Creating Our SMIL-like Software Platform

This topic contains 1 reply, has 1 voice, and was last updated by Josh Stern January 24, 2024 at 6:45 pm.

Author

Posts
January 24, 2024 at 6:45 pm #126412

Josh Stern
Moderator

My Grammarly edit of this from roughly the same dates was somehow a lot more complete:

W3C focused on the goal of “Synchronized Multimedia Language” before the rise of YouTube & Netflix. Their final standard version appeared in 2008: https://www.w3.org/TR/SMIL3/
It was verbose and early. Only a few implementations were created.

Fast forward to today where GT is working to create user-focused Internet TV/Radio/Interactive using bits of YouTube-like video carefully strung together in directed graphs, with controls & branching points. Now we see the need for systematic integration with synchronized interactivity, alternative presentations (comments), material for NLP, and versions that work on alternative output devices – e.g. to support resumption between working on a desktop/laptop and walking about wirelessly.

So we need something similar to SMIL 3.0 in the sense that lots of good thought went into that project & many useful types of content dimensions were considered & defined. But we need to avoid these problems:

a) Verbosity
b) One big mass of definitions that is a long road to implement and an even longer road to conformance testing
c) Streaming rather than “the file” should be the basic mode of comprehension. Updates to “the integrated multimedia presentation & control state” can come as deltas. General efforts should be made to allow for resumption after REST – i.e. not every delta is REST, but they should all exist within well-defined REST epochs, modulo security/authorization concerns. Relevant methods of adaptive data compression can be considered at the protocol level – i.e. “use profile X7234 for Dimensions [Device, ProgramDictionary].
d) design should assume that “natural language” and spoken interfaces will eventually be a conventional alternative rather than a re-design.
e) Initial user acceptability & learning curve are often related to user experience & familiarity with the system of controls that is available & the methods for accessing them. How does the novice learn a given system? How does the interface change as the user moves from novice to expert? How can different systems of controls be implemented & configured on the same platform? Consider allowing some aspects of the presentation to be parameterized by choice of control UI and user experience level.

f) The concept of “profiles” for data compression can & should be extended to “profiles” for content authoring & profiles for conformance testing. For conformance testing of “playback”, the profile can be used to establish the limitations/promises of a given implementation – it only claims to implement a subset of the overall playback universe. In the case of content authoring, there is a set of profiles for the sets of content types that can be (easily) authored by a given software program, and there is a set/universe of playback devices & user audiences that they target, with possibly different alternative modalities for different subsets of that universe. Interface elements akin to skins/stylesheets, and widely distributed (e.g. CDN) javascript libraries are an example of this sort of cached “profile” element. Domain models of what is visually/auditorily represented and user<==>UI interaction models are additional examples that may be reusable parts of hypermedia presentations/programs.

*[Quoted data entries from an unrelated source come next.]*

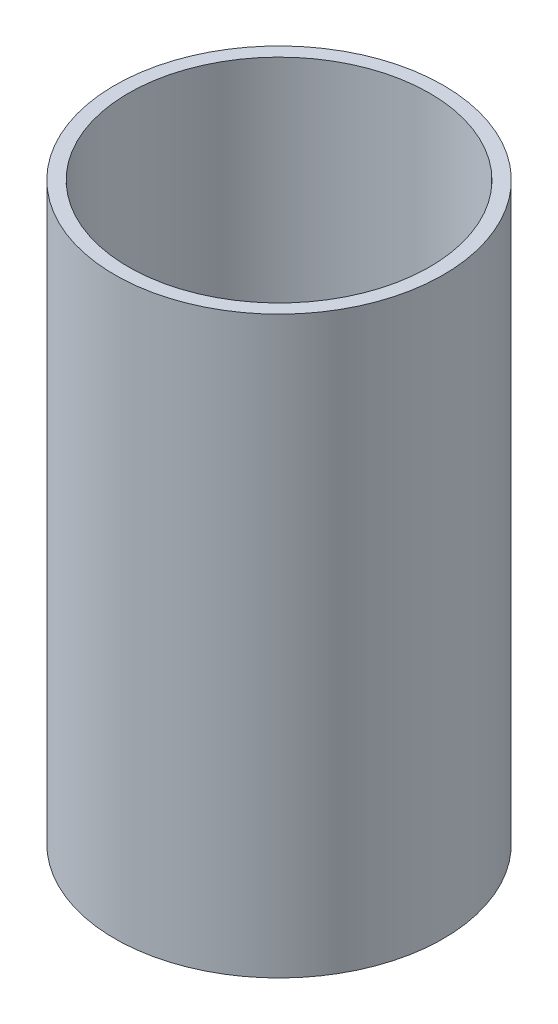
ISO-10303-21;
HEADER;
FILE_DESCRIPTION(('STEP AP214'),'2;1');
FILE_NAME('part.step','',(''),(''),'','','');
FILE_SCHEMA(('AUTOMOTIVE_DESIGN { 1 0 10303 214 1 1 1 1 }'));
ENDSEC;
DATA;
#1=APPLICATION_CONTEXT('core data for automotive mechanical design processes');
#2=APPLICATION_PROTOCOL_DEFINITION('international standard','automotive_design',2000,#1);
#3=PRODUCT_CONTEXT('',#1,'mechanical');
#4=PRODUCT('Part','Part','',(#3));
#5=PRODUCT_RELATED_PRODUCT_CATEGORY('part','',(#4));
#6=PRODUCT_DEFINITION_FORMATION('','',#4);
#7=PRODUCT_DEFINITION_CONTEXT('part definition',#1,'design');
#8=PRODUCT_DEFINITION('design','',#6,#7);
#9=PRODUCT_DEFINITION_SHAPE('','',#8);
#10=(LENGTH_UNIT() NAMED_UNIT(*) SI_UNIT(.MILLI.,.METRE.));
#11=(NAMED_UNIT(*) PLANE_ANGLE_UNIT() SI_UNIT($,.RADIAN.));
#12=(NAMED_UNIT(*) SI_UNIT($,.STERADIAN.) SOLID_ANGLE_UNIT());
#13=UNCERTAINTY_MEASURE_WITH_UNIT(LENGTH_MEASURE(1.E-05),#10,'distance_accuracy_value','');
#14=(GEOMETRIC_REPRESENTATION_CONTEXT(3) GLOBAL_UNCERTAINTY_ASSIGNED_CONTEXT((#13)) GLOBAL_UNIT_ASSIGNED_CONTEXT((#10,
#11,#12)) REPRESENTATION_CONTEXT('',''));
#15=CARTESIAN_POINT('',(0.,0.,0.));
#16=DIRECTION('',(0.,0.,1.));
#17=DIRECTION('',(1.,0.,0.));
#18=AXIS2_PLACEMENT_3D('',#15,#16,#17);
#19=CARTESIAN_POINT('',(0.,42.,0.));
#20=DIRECTION('',(0.,1.,0.));
#21=DIRECTION('',(0.,0.,1.));
#22=AXIS2_PLACEMENT_3D('',#19,#20,#21);
#23=PLANE('',#22);
#24=CARTESIAN_POINT('',(0.,42.,0.));
#25=DIRECTION('',(0.,1.,0.));
#26=DIRECTION('',(0.,0.,1.));
#27=AXIS2_PLACEMENT_3D('',#24,#25,#26);
#28=CIRCLE('',#27,12.);
#29=CARTESIAN_POINT('',(0.,42.,-12.));
#30=VERTEX_POINT('',#29);
#31=EDGE_CURVE('E10',#30,#30,#28,.T.);
#32=ORIENTED_EDGE('',*,*,#31,.T.);
#33=EDGE_LOOP('',(#32));
#34=FACE_BOUND('',#33,.T.);
#35=CARTESIAN_POINT('',(0.,42.,0.));
#36=DIRECTION('',(0.,1.,0.));
#37=DIRECTION('',(0.,0.,1.));
#38=AXIS2_PLACEMENT_3D('',#35,#36,#37);
#39=CIRCLE('',#38,11.);
#40=CARTESIAN_POINT('',(0.,42.,-11.));
#41=VERTEX_POINT('',#40);
#42=EDGE_CURVE('E48',#41,#41,#39,.T.);
#43=ORIENTED_EDGE('',*,*,#42,.F.);
#44=EDGE_LOOP('',(#43));
#45=FACE_BOUND('',#44,.T.);
#46=ADVANCED_FACE('F37',(#34,#45),#23,.T.);
#47=CARTESIAN_POINT('',(0.,0.,0.));
#48=DIRECTION('',(0.,1.,0.));
#49=DIRECTION('',(0.,0.,1.));
#50=AXIS2_PLACEMENT_3D('',#47,#48,#49);
#51=PLANE('',#50);
#52=CARTESIAN_POINT('',(0.,0.,0.));
#53=DIRECTION('',(0.,1.,0.));
#54=DIRECTION('',(0.,0.,1.));
#55=AXIS2_PLACEMENT_3D('',#52,#53,#54);
#56=CIRCLE('',#55,12.);
#57=CARTESIAN_POINT('',(0.,0.,-12.));
#58=VERTEX_POINT('',#57);
#59=EDGE_CURVE('E41',#58,#58,#56,.T.);
#60=ORIENTED_EDGE('',*,*,#59,.F.);
#61=EDGE_LOOP('',(#60));
#62=FACE_BOUND('',#61,.T.);
#63=CARTESIAN_POINT('',(0.,0.,0.));
#64=DIRECTION('',(0.,1.,0.));
#65=DIRECTION('',(0.,0.,1.));
#66=AXIS2_PLACEMENT_3D('',#63,#64,#65);
#67=CIRCLE('',#66,11.);
#68=CARTESIAN_POINT('',(0.,0.,-11.));
#69=VERTEX_POINT('',#68);
#70=EDGE_CURVE('E50',#69,#69,#67,.T.);
#71=ORIENTED_EDGE('',*,*,#70,.T.);
#72=EDGE_LOOP('',(#71));
#73=FACE_BOUND('',#72,.T.);
#74=ADVANCED_FACE('F60',(#62,#73),#51,.F.);
#75=CARTESIAN_POINT('',(0.,42.,0.));
#76=DIRECTION('',(0.,-1.,0.));
#77=DIRECTION('',(0.,0.,-1.));
#78=AXIS2_PLACEMENT_3D('',#75,#76,#77);
#79=CYLINDRICAL_SURFACE('',#78,12.);
#80=CARTESIAN_POINT('',(0.,42.,-12.));
#81=CARTESIAN_POINT('',(0.,41.5625,-12.));
#82=CARTESIAN_POINT('',(0.,41.125,-12.));
#83=CARTESIAN_POINT('',(0.,40.25,-12.));
#84=CARTESIAN_POINT('',(0.,39.8125,-12.));
#85=CARTESIAN_POINT('',(0.,38.9375,-12.));
#86=CARTESIAN_POINT('',(0.,38.5,-12.));
#87=CARTESIAN_POINT('',(0.,37.625,-12.));
#88=CARTESIAN_POINT('',(0.,37.1875,-12.));
#89=CARTESIAN_POINT('',(0.,36.3125,-12.));
#90=CARTESIAN_POINT('',(0.,35.875,-12.));
#91=CARTESIAN_POINT('',(0.,35.,-12.));
#92=CARTESIAN_POINT('',(0.,34.5625,-12.));
#93=CARTESIAN_POINT('',(0.,33.6875,-12.));
#94=CARTESIAN_POINT('',(0.,33.25,-12.));
#95=CARTESIAN_POINT('',(0.,32.375,-12.));
#96=CARTESIAN_POINT('',(0.,31.9375,-12.));
#97=CARTESIAN_POINT('',(0.,31.0625,-12.));
#98=CARTESIAN_POINT('',(0.,30.625,-12.));
#99=CARTESIAN_POINT('',(0.,29.75,-12.));
#100=CARTESIAN_POINT('',(0.,29.3125,-12.));
#101=CARTESIAN_POINT('',(0.,28.4375,-12.));
#102=CARTESIAN_POINT('',(0.,28.,-12.));
#103=CARTESIAN_POINT('',(0.,27.125,-12.));
#104=CARTESIAN_POINT('',(0.,26.6875,-12.));
#105=CARTESIAN_POINT('',(0.,25.8125,-12.));
#106=CARTESIAN_POINT('',(0.,25.375,-12.));
#107=CARTESIAN_POINT('',(0.,24.5,-12.));
#108=CARTESIAN_POINT('',(0.,24.0625,-12.));
#109=CARTESIAN_POINT('',(0.,23.1875,-12.));
#110=CARTESIAN_POINT('',(0.,22.75,-12.));
#111=CARTESIAN_POINT('',(0.,21.875,-12.));
#112=CARTESIAN_POINT('',(0.,21.4375,-12.));
#113=CARTESIAN_POINT('',(0.,20.5625,-12.));
#114=CARTESIAN_POINT('',(0.,20.125,-12.));
#115=CARTESIAN_POINT('',(0.,19.25,-12.));
#116=CARTESIAN_POINT('',(0.,18.8125,-12.));
#117=CARTESIAN_POINT('',(0.,17.9375,-12.));
#118=CARTESIAN_POINT('',(0.,17.5,-12.));
#119=CARTESIAN_POINT('',(0.,16.625,-12.));
#120=CARTESIAN_POINT('',(0.,16.1875,-12.));
#121=CARTESIAN_POINT('',(0.,15.3125,-12.));
#122=CARTESIAN_POINT('',(0.,14.875,-12.));
#123=CARTESIAN_POINT('',(0.,14.,-12.));
#124=CARTESIAN_POINT('',(0.,13.5625,-12.));
#125=CARTESIAN_POINT('',(0.,12.6875,-12.));
#126=CARTESIAN_POINT('',(0.,12.25,-12.));
#127=CARTESIAN_POINT('',(0.,11.375,-12.));
#128=CARTESIAN_POINT('',(0.,10.9375,-12.));
#129=CARTESIAN_POINT('',(0.,10.0625,-12.));
#130=CARTESIAN_POINT('',(0.,9.625,-12.));
#131=CARTESIAN_POINT('',(0.,8.75,-12.));
#132=CARTESIAN_POINT('',(0.,8.3125,-12.));
#133=CARTESIAN_POINT('',(0.,7.4375,-12.));
#134=CARTESIAN_POINT('',(0.,7.,-12.));
#135=CARTESIAN_POINT('',(0.,6.125,-12.));
#136=CARTESIAN_POINT('',(0.,5.6875,-12.));
#137=CARTESIAN_POINT('',(0.,4.8125,-12.));
#138=CARTESIAN_POINT('',(0.,4.375,-12.));
#139=CARTESIAN_POINT('',(0.,3.5,-12.));
#140=CARTESIAN_POINT('',(0.,3.0625,-12.));
#141=CARTESIAN_POINT('',(0.,2.1875,-12.));
#142=CARTESIAN_POINT('',(0.,1.75,-12.));
#143=CARTESIAN_POINT('',(0.,0.875000000000001,-12.));
#144=CARTESIAN_POINT('',(0.,0.4375,-12.));
#145=CARTESIAN_POINT('',(0.,0.,-12.));
#146=B_SPLINE_CURVE_WITH_KNOTS('',3,(#80,#81,#82,#83,#84,#85,#86,#87,#88,#89,#90,#91,#92,#93,
#94,#95,#96,#97,#98,#99,#100,#101,#102,#103,#104,#105,#106,#107,#108,#109,#110,#111,#112,#113,
#114,#115,#116,#117,#118,#119,#120,#121,#122,#123,#124,#125,#126,#127,#128,#129,#130,#131,#132,
#133,#134,#135,#136,#137,#138,#139,#140,#141,#142,#143,#144,#145),.UNSPECIFIED.,.F.,.F.,(4,2,2,
2,2,2,2,2,2,2,2,2,2,2,2,2,2,2,2,2,2,2,2,2,2,2,2,2,2,2,2,2,4),(0.,1.31249999999999,2.625,3.9375,
5.25,6.5625,7.87499999999999,9.18749999999999,10.5,11.8125,13.125,14.4375,15.75,17.0625,18.375,
19.6875,21.,22.3125,23.625,24.9375,26.25,27.5625,28.875,30.1875,31.5,32.8125,34.125,35.4375,
36.75,38.0625,39.375,40.6875,42.),.UNSPECIFIED.);
#147=EDGE_CURVE('BSEAM39',#30,#58,#146,.T.);
#148=ORIENTED_EDGE('',*,*,#31,.F.);
#149=ORIENTED_EDGE('',*,*,#59,.T.);
#150=ORIENTED_EDGE('',*,*,#147,.T.);
#151=ORIENTED_EDGE('',*,*,#147,.F.);
#152=EDGE_LOOP('',(#148,#150,#149,#151));
#153=FACE_BOUND('',#152,.T.);
#154=ADVANCED_FACE('F39',(#153),#79,.T.);
#155=CARTESIAN_POINT('',(0.,42.,0.));
#156=DIRECTION('',(0.,-1.,0.));
#157=DIRECTION('',(0.,0.,-1.));
#158=AXIS2_PLACEMENT_3D('',#155,#156,#157);
#159=CYLINDRICAL_SURFACE('',#158,11.);
#160=CARTESIAN_POINT('',(0.,42.,-11.));
#161=CARTESIAN_POINT('',(0.,41.5625,-11.));
#162=CARTESIAN_POINT('',(0.,41.125,-11.));
#163=CARTESIAN_POINT('',(0.,40.25,-11.));
#164=CARTESIAN_POINT('',(0.,39.8125,-11.));
#165=CARTESIAN_POINT('',(0.,38.9375,-11.));
#166=CARTESIAN_POINT('',(0.,38.5,-11.));
#167=CARTESIAN_POINT('',(0.,37.625,-11.));
#168=CARTESIAN_POINT('',(0.,37.1875,-11.));
#169=CARTESIAN_POINT('',(0.,36.3125,-11.));
#170=CARTESIAN_POINT('',(0.,35.875,-11.));
#171=CARTESIAN_POINT('',(0.,35.,-11.));
#172=CARTESIAN_POINT('',(0.,34.5625,-11.));
#173=CARTESIAN_POINT('',(0.,33.6875,-11.));
#174=CARTESIAN_POINT('',(0.,33.25,-11.));
#175=CARTESIAN_POINT('',(0.,32.375,-11.));
#176=CARTESIAN_POINT('',(0.,31.9375,-11.));
#177=CARTESIAN_POINT('',(0.,31.0625,-11.));
#178=CARTESIAN_POINT('',(0.,30.625,-11.));
#179=CARTESIAN_POINT('',(0.,29.75,-11.));
#180=CARTESIAN_POINT('',(0.,29.3125,-11.));
#181=CARTESIAN_POINT('',(0.,28.4375,-11.));
#182=CARTESIAN_POINT('',(0.,28.,-11.));
#183=CARTESIAN_POINT('',(0.,27.125,-11.));
#184=CARTESIAN_POINT('',(0.,26.6875,-11.));
#185=CARTESIAN_POINT('',(0.,25.8125,-11.));
#186=CARTESIAN_POINT('',(0.,25.375,-11.));
#187=CARTESIAN_POINT('',(0.,24.5,-11.));
#188=CARTESIAN_POINT('',(0.,24.0625,-11.));
#189=CARTESIAN_POINT('',(0.,23.1875,-11.));
#190=CARTESIAN_POINT('',(0.,22.75,-11.));
#191=CARTESIAN_POINT('',(0.,21.875,-11.));
#192=CARTESIAN_POINT('',(0.,21.4375,-11.));
#193=CARTESIAN_POINT('',(0.,20.5625,-11.));
#194=CARTESIAN_POINT('',(0.,20.125,-11.));
#195=CARTESIAN_POINT('',(0.,19.25,-11.));
#196=CARTESIAN_POINT('',(0.,18.8125,-11.));
#197=CARTESIAN_POINT('',(0.,17.9375,-11.));
#198=CARTESIAN_POINT('',(0.,17.5,-11.));
#199=CARTESIAN_POINT('',(0.,16.625,-11.));
#200=CARTESIAN_POINT('',(0.,16.1875,-11.));
#201=CARTESIAN_POINT('',(0.,15.3125,-11.));
#202=CARTESIAN_POINT('',(0.,14.875,-11.));
#203=CARTESIAN_POINT('',(0.,14.,-11.));
#204=CARTESIAN_POINT('',(0.,13.5625,-11.));
#205=CARTESIAN_POINT('',(0.,12.6875,-11.));
#206=CARTESIAN_POINT('',(0.,12.25,-11.));
#207=CARTESIAN_POINT('',(0.,11.375,-11.));
#208=CARTESIAN_POINT('',(0.,10.9375,-11.));
#209=CARTESIAN_POINT('',(0.,10.0625,-11.));
#210=CARTESIAN_POINT('',(0.,9.625,-11.));
#211=CARTESIAN_POINT('',(0.,8.75,-11.));
#212=CARTESIAN_POINT('',(0.,8.3125,-11.));
#213=CARTESIAN_POINT('',(0.,7.4375,-11.));
#214=CARTESIAN_POINT('',(0.,7.,-11.));
#215=CARTESIAN_POINT('',(0.,6.125,-11.));
#216=CARTESIAN_POINT('',(0.,5.6875,-11.));
#217=CARTESIAN_POINT('',(0.,4.8125,-11.));
#218=CARTESIAN_POINT('',(0.,4.375,-11.));
#219=CARTESIAN_POINT('',(0.,3.5,-11.));
#220=CARTESIAN_POINT('',(0.,3.0625,-11.));
#221=CARTESIAN_POINT('',(0.,2.1875,-11.));
#222=CARTESIAN_POINT('',(0.,1.75,-11.));
#223=CARTESIAN_POINT('',(0.,0.875000000000001,-11.));
#224=CARTESIAN_POINT('',(0.,0.4375,-11.));
#225=CARTESIAN_POINT('',(0.,0.,-11.));
#226=B_SPLINE_CURVE_WITH_KNOTS('',3,(#160,#161,#162,#163,#164,#165,#166,#167,#168,#169,#170,
#171,#172,#173,#174,#175,#176,#177,#178,#179,#180,#181,#182,#183,#184,#185,#186,#187,#188,#189,
#190,#191,#192,#193,#194,#195,#196,#197,#198,#199,#200,#201,#202,#203,#204,#205,#206,#207,#208,
#209,#210,#211,#212,#213,#214,#215,#216,#217,#218,#219,#220,#221,#222,#223,#224,#225),
.UNSPECIFIED.,.F.,.F.,(4,2,2,2,2,2,2,2,2,2,2,2,2,2,2,2,2,2,2,2,2,2,2,2,2,2,2,2,2,2,2,2,4),(0.,
1.3125,2.625,3.9375,5.25,6.56250000000001,7.875,9.1875,10.5,11.8125,13.125,14.4375,15.75,
17.0625,18.375,19.6875,21.,22.3125,23.625,24.9375,26.25,27.5625,28.875,30.1875,31.5,32.8125,
34.125,35.4375,36.75,38.0625,39.375,40.6875,42.),.UNSPECIFIED.);
#227=EDGE_CURVE('BSEAM56',#41,#69,#226,.T.);
#228=ORIENTED_EDGE('',*,*,#42,.T.);
#229=ORIENTED_EDGE('',*,*,#70,.F.);
#230=ORIENTED_EDGE('',*,*,#227,.T.);
#231=ORIENTED_EDGE('',*,*,#227,.F.);
#232=EDGE_LOOP('',(#228,#230,#229,#231));
#233=FACE_BOUND('',#232,.T.);
#234=ADVANCED_FACE('F56',(#233),#159,.F.);
#235=CLOSED_SHELL('',(#46,#74,#154,#234));
#236=MANIFOLD_SOLID_BREP('B2',#235);
#237=ADVANCED_BREP_SHAPE_REPRESENTATION('',(#18,#236),#14);
#238=SHAPE_DEFINITION_REPRESENTATION(#9,#237);
ENDSEC;
END-ISO-10303-21;

g) Generality of application & software reuse to different user & device contexts can benefit from high-level models of user<==>UI interaction. From the software POV, it may be helpful to model the abstract user as possessing a small/abstracted version of a given UI presentation – i.e. some info has been seen already & some have not; some authorization/acknowledgment/branching/consent choices or gestures have been made, some were presented by not yet selected/confirmed, and others have not been presented yet. A simple, but generalizable protocol for abstract user<==>UI interaction would allow some elements of the program & the constraints to be expressed at an abstract level which can be reified in different ways over various devices & multi-session wanders.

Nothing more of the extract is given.